Businesses should brace themselves to deal with a wave of wearables in the workplace, with people almost certain to use the Apple Watch for work tasks according to Telsyte analyst Rodney Gedda.
Apple announced overnight that its first smartwatch will launch on 24 April in Australia with a starting price of US$349.
“It definitely has the marketing clout of Apple and the style appeal,” he told Computerworld Australia.
Many existing smartwatches are “ugly black squares” but Apple has spent a lot of money on making the Watch a device people “want to have,” he said.
He added that Apple has historically been good at taking existing technologies and improving their usability – as they did with MP3 players and phones.
“Businesses will definitely have to handle bring your own wearables,” said Gedda.
“Organisations already have wearables coming into the workplace and as they become more prolific, then they’ll be like the smartphones before them, able to read and view company data on the device.”

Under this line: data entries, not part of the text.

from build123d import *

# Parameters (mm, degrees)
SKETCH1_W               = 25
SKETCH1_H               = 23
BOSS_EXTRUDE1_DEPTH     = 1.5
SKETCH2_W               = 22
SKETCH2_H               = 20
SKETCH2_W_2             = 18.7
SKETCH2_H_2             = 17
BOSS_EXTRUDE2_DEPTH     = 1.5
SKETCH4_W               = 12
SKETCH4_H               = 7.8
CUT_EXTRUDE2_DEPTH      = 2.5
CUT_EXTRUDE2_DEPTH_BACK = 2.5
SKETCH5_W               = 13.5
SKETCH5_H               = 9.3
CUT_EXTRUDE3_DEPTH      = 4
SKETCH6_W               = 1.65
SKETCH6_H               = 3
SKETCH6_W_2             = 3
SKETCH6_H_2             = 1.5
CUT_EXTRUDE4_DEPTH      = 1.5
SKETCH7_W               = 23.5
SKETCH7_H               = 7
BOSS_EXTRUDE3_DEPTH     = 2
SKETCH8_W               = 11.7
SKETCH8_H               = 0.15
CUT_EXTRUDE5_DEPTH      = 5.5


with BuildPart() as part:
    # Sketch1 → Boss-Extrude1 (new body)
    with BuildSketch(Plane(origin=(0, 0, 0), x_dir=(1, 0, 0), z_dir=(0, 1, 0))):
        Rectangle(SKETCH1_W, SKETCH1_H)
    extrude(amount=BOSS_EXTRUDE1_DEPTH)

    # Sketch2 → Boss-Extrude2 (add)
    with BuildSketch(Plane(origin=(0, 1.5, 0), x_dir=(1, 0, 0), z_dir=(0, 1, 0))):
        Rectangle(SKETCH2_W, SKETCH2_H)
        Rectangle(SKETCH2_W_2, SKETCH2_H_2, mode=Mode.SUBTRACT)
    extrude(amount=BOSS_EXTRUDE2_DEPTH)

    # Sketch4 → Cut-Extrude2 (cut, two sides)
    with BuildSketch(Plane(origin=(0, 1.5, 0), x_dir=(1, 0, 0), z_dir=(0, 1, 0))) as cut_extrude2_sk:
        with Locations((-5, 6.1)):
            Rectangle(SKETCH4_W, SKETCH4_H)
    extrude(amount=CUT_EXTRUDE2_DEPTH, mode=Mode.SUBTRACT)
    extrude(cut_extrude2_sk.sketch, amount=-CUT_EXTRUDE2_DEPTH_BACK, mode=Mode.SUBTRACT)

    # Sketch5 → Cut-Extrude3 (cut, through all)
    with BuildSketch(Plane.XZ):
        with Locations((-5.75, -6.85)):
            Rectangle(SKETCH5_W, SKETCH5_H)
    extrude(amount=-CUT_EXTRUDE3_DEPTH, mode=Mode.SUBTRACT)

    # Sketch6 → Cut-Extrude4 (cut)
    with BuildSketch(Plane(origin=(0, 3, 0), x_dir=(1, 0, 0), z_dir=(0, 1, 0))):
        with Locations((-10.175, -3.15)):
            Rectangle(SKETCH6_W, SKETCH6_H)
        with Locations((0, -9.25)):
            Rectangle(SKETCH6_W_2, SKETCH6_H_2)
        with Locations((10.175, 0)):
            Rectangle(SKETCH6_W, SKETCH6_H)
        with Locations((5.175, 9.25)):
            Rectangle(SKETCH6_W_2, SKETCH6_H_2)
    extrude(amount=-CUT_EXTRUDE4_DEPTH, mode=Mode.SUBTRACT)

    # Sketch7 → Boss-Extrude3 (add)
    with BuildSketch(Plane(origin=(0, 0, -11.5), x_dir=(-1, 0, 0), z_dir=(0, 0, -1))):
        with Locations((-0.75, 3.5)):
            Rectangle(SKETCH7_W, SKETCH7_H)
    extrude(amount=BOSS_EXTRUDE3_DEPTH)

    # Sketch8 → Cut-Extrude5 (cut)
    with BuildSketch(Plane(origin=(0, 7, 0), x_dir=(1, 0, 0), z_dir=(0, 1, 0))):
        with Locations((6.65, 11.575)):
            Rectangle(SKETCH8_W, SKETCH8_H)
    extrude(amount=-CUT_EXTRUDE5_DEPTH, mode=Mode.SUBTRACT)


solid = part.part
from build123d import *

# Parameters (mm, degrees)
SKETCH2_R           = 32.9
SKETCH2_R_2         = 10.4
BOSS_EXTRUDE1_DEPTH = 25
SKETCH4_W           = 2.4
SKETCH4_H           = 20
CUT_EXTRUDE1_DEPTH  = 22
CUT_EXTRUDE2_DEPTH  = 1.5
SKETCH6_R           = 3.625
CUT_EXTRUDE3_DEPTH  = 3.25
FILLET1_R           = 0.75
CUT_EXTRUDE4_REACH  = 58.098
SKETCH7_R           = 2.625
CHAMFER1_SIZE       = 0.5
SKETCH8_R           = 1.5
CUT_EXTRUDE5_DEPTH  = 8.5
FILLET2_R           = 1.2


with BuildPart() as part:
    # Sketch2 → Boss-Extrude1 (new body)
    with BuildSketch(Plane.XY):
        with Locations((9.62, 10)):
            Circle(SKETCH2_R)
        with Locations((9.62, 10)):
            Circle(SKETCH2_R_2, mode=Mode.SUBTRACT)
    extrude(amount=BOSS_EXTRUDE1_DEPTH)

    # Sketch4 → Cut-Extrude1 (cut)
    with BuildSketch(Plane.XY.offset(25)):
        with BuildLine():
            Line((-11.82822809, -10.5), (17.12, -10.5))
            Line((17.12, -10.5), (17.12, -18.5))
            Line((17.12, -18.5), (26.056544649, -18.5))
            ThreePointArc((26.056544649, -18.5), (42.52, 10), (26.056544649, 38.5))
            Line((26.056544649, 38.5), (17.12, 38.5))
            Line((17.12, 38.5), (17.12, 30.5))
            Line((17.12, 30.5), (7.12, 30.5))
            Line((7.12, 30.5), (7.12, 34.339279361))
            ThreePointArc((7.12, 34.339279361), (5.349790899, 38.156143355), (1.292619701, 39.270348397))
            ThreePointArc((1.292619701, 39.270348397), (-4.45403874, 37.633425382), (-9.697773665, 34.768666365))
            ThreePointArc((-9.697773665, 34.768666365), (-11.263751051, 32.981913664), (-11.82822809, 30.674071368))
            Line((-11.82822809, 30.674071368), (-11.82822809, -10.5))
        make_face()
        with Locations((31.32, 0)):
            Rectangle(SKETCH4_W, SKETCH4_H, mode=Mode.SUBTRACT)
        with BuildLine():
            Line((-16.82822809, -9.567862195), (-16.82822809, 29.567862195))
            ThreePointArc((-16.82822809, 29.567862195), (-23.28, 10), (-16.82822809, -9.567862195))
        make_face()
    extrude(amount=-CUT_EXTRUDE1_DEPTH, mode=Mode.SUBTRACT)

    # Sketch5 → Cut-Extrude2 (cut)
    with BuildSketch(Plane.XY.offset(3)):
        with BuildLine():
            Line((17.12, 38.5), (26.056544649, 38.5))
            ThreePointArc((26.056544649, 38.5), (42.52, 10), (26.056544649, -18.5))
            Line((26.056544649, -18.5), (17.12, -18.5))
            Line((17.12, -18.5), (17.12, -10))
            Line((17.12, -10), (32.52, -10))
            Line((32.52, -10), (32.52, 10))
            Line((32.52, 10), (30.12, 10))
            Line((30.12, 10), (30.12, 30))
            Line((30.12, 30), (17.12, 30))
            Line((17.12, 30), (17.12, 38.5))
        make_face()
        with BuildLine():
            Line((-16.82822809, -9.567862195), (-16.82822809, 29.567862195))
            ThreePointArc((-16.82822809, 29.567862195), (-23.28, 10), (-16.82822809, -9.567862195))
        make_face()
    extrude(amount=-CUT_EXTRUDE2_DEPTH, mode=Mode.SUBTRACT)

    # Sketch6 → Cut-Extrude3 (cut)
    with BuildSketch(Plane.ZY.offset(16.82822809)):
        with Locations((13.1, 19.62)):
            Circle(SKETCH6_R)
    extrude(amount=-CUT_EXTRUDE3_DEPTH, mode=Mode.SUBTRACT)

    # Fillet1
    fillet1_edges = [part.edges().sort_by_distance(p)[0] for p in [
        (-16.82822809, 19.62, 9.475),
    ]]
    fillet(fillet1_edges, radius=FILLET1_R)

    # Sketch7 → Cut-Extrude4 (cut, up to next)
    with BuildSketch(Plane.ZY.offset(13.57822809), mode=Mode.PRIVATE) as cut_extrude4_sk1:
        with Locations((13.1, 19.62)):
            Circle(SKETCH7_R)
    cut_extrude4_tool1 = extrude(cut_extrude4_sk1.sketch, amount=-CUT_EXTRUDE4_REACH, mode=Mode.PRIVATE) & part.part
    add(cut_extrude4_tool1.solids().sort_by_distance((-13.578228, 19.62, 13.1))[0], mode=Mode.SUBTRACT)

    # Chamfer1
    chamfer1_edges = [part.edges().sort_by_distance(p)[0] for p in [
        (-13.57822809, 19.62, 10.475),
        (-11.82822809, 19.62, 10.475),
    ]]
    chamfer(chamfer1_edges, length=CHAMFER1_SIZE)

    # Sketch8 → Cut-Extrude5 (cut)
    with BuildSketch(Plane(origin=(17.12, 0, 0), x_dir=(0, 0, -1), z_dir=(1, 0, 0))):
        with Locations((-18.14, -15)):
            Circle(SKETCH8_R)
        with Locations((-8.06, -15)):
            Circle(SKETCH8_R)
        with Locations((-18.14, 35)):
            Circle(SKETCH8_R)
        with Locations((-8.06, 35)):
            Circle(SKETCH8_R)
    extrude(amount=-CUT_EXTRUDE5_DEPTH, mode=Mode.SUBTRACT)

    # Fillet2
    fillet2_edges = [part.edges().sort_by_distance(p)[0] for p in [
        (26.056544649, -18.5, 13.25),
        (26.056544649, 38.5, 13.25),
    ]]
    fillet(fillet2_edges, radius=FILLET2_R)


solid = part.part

“That should be a concern for IT managers because on one hand you have the productivity promises of people using their own technology ... but you’ve obviously got to balance that with the potential risk that having unmanaged devices on the network brings.”
Companies that already have bring-your-own (BYOD) device strategies will be better prepared for an influx of wearable devices, he said.
“A lot of the strategies around bring your own wearables are going to be in line with bring your own device.”
Those include education initiatives for employees on how to responsibly use wearables in the workplace and security management tools to keep business data protected, he said.
BYOD aside, businesses may also explore whether the Apple Watch is a good fit for their employees, said Gedda.
While designed for consumers, many apps on the Apple Watch will be applicable to a business context, including email, messaging and travel bookings, said Gedda.
While the same apps are available on smartphones and tablets, there could be cases where it is more practical—or more fashionable—for workers to do these functions on a watch, he said.
“It’s all about form factor.”
For example, because the Apple Watch is a fashion accessory, it might have a place in retail and other customer-facing jobs, he said. Or it could be useful for a pilot who can’t keep a phone in their pocket, he said.
“There’s no shortage of blue sky opportunities for wearables in business.”
In some ways, wearables in the workplace is not a new concept, noted Gedda. While not slick, do-it-all devices like the modern batch of smartwatches, wearable computers have been used in a variety of sectors, including healthcare, mining and the military.
“There’s not a lot of standards out there — a lot of devices are designed fit for purpose,” he said.
“The new wave of wearable technology has an opportunity to standardise a lot of that with accessories and applications.”